Study shows how Australia and New Zealand can establish their own sustainable aviation biofuels industry

Study shows how Australia and New Zealand can establish their own sustainable aviation biofuels industry | CSIRO,Solena Australia

Tue 7 June 2011 – A study to determine the feasibility of the Australian and New Zealand aviation sector using sustainable biofuels to meet industry carbon reduction targets concludes that a bio-derived jet fuel industry could decrease aviation emissions by 17 per cent and generate more than 12,000 jobs by 2030. Commissioned by a range of aviation interests, the ‘Flight Path to Sustainable Aviation’ report does not make policy recommendations but is aimed at providing critical input to strategic policy and investment decision-making for both stakeholders and policy makers. It puts forward a roadmap scenario in which the aviation sectors of the two countries could achieve a five per cent biofuel share in their total fuel use by 2020, expanding that amount to 40 per cent by 2050. Taking a lead in the development of a sustainable aviation fuels industry could also create the opportunity for the region to export high-value engineering know-how to the world.


The report was carried out by CSIRO (Commonwealth Scientific and Industrial Research Organisation), Australia’s national science agency that claims to be one of the largest and most diverse research agencies in the world. CSIRO says Australia and New Zealand are well positioned to establish a sustainable fuels industry given the region’s favourable climate, land base, stable geopolitical environments and comparative advantages in skilled labour including construction, research and development and efficient agricultural production.


The study calculates that by using a variety of existing and new non-food biomass resources and sustainable practices for growing them, there will be sufficient local biomass to support 46% of the aviation biofuel needs of both Australia and New Zealand by 2020 and over 100% of fuel needs by 2050.


Elsewhere in the world, oilseed crops such as jatropha and camelina have been identified as ideal biomass sources for aviation biofuels but these are not grown in Australasia – the growing of jatropha is actually banned in several Australian states as it is considered a noxious, invasive species. However, the study has identified a range of other biomass sources, with lignocellulose (wood and stems from trees and crops) being the most abundant and low-cost feedstock available at present, although it acknowledges the high costs associated with established refining processes.


Other potential biomass sources include bagasse (from sugar cane), forest residues, tallow, municipal solid waste, oilseed crops such as canola, pongamia (inedible oil yielding legume tree), coppice (a short rotation tree species, for example eucalyptus) and algae.

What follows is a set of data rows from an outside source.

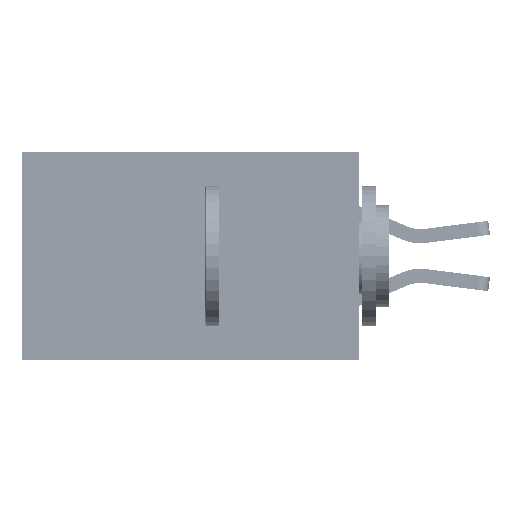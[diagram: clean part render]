
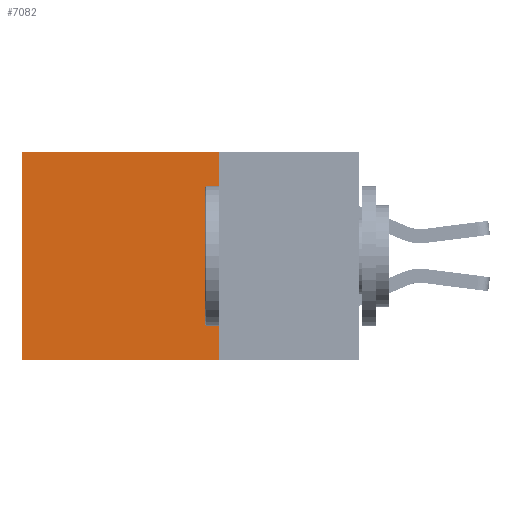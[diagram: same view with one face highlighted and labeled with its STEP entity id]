
A CAD part, left-side view. The second image highlights one B-rep face of the part: STEP entity #7082.
In plain terms, the highlighted planar face has unit normal (-1, 0, 0).
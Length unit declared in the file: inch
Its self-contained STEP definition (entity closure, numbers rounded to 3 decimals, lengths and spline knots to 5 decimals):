
#3027 = EDGE_LOOP ( 'NONE', ( #3146, #21687, #28810, #21002 ) ) ;
#3146 = ORIENTED_EDGE ( 'NONE', *, *, #11453, .T. ) ;
#3350 = EDGE_CURVE ( 'NONE', #18183, #9388, #34153, .T. ) ;
#3653 = VECTOR ( 'NONE', #15631, 39.37008 ) ;
#4981 = DIRECTION ( 'NONE',  ( 0., 0., -1. ) ) ;
#5679 = VERTEX_POINT ( 'NONE', #26186 ) ;
#6028 = CARTESIAN_POINT ( 'NONE',  ( 0.2875, 0.25, -0.37 ) ) ;
#7082 = ADVANCED_FACE ( 'NONE', ( #9370 ), #31191, .F. ) ;
#9370 = FACE_OUTER_BOUND ( 'NONE', #3027, .T. ) ;
#9388 = VERTEX_POINT ( 'NONE', #6028 ) ;
#9707 = CARTESIAN_POINT ( 'NONE',  ( 0.2875, 0.25, 0. ) ) ;
#11453 = EDGE_CURVE ( 'NONE', #5679, #17596, #29459, .T. ) ;
#11769 = CARTESIAN_POINT ( 'NONE',  ( 0.2875, 0.25, 0. ) ) ;
#11948 = DIRECTION ( 'NONE',  ( 0., 0., -1. ) ) ;
#12158 = AXIS2_PLACEMENT_3D ( 'NONE', #34098, #22733, #4981 ) ;
#14828 = DIRECTION ( 'NONE',  ( 0., 0., -1. ) ) ;
#15631 = DIRECTION ( 'NONE',  ( 0., 1., 0. ) ) ;
#17370 = LINE ( 'NONE', #26578, #18271 ) ;
#17596 = VERTEX_POINT ( 'NONE', #35631 ) ;
#18183 = VERTEX_POINT ( 'NONE', #26879 ) ;
#18271 = VECTOR ( 'NONE', #26451, 39.37008 ) ;
#21002 = ORIENTED_EDGE ( 'NONE', *, *, #35787, .T. ) ;
#21687 = ORIENTED_EDGE ( 'NONE', *, *, #34339, .F. ) ;
#22733 = DIRECTION ( 'NONE',  ( 1., 0., 0. ) ) ;
#26186 = CARTESIAN_POINT ( 'NONE',  ( 0.2875, 0.6, 0. ) ) ;
#26224 = LINE ( 'NONE', #9707, #3653 ) ;
#26451 = DIRECTION ( 'NONE',  ( 0., 1., 0. ) ) ;
#26556 = VECTOR ( 'NONE', #14828, 39.37008 ) ;
#26578 = CARTESIAN_POINT ( 'NONE',  ( 0.2875, 0.25, -0.37 ) ) ;
#26879 = CARTESIAN_POINT ( 'NONE',  ( 0.2875, 0.25, 0. ) ) ;
#28810 = ORIENTED_EDGE ( 'NONE', *, *, #3350, .F. ) ;
#29459 = LINE ( 'NONE', #32227, #36158 ) ;
#31191 = PLANE ( 'NONE',  #12158 ) ;
#32227 = CARTESIAN_POINT ( 'NONE',  ( 0.2875, 0.6, 0. ) ) ;
#34098 = CARTESIAN_POINT ( 'NONE',  ( 0.2875, 0.25, 0. ) ) ;
#34153 = LINE ( 'NONE', #11769, #26556 ) ;
#34339 = EDGE_CURVE ( 'NONE', #9388, #17596, #17370, .T. ) ;
#35631 = CARTESIAN_POINT ( 'NONE',  ( 0.2875, 0.6, -0.37 ) ) ;
#35787 = EDGE_CURVE ( 'NONE', #18183, #5679, #26224, .T. ) ;
#36158 = VECTOR ( 'NONE', #11948, 39.37008 ) ;

The report says that while there are some good prospects, non-food varieties of plant oil have not been produced to a significant scale. “Research, development and demonstration will need to focus on both commercial scale development of plant oil resources and reducing the cost of lignocellulosic refining processes to take advantage of the region’s full biomass potential,” it advises.


Among the challenges facing the aviation industry for biofuels will be competition with other industries for biomass feedstocks. “In particular, bio-derived road fuels are generally less expensive to produce than bio-derived jet fuels and receive higher unit revenue, making them a more likely target product for sustainable fuel refiners, at least in the short term,” it says.


Furthermore, to realise a reasonable return on investment, the high volatility of petroleum oil prices and technological uncertainty will mean investors requiring high returns or formalised off-take arrangements to secure project finance. “Investment costs can be reduced by integrating a new plant with existing infrastructure but the viability of the existing fuel refining industry in our region is declining in competitiveness because it is relatively old,” finds the study. “Further, in a period of capital market volatility, novel mechanisms of risk reduction or risk sharing, such as loan guarantees, may be required.”


The report outlines 14 recommendations for short term action in order to ensure a jet biofuel industry is established, allowing airlines to commence uptake by 2015 when the first commercial scale bio-derived jet fuel refining facility should start production.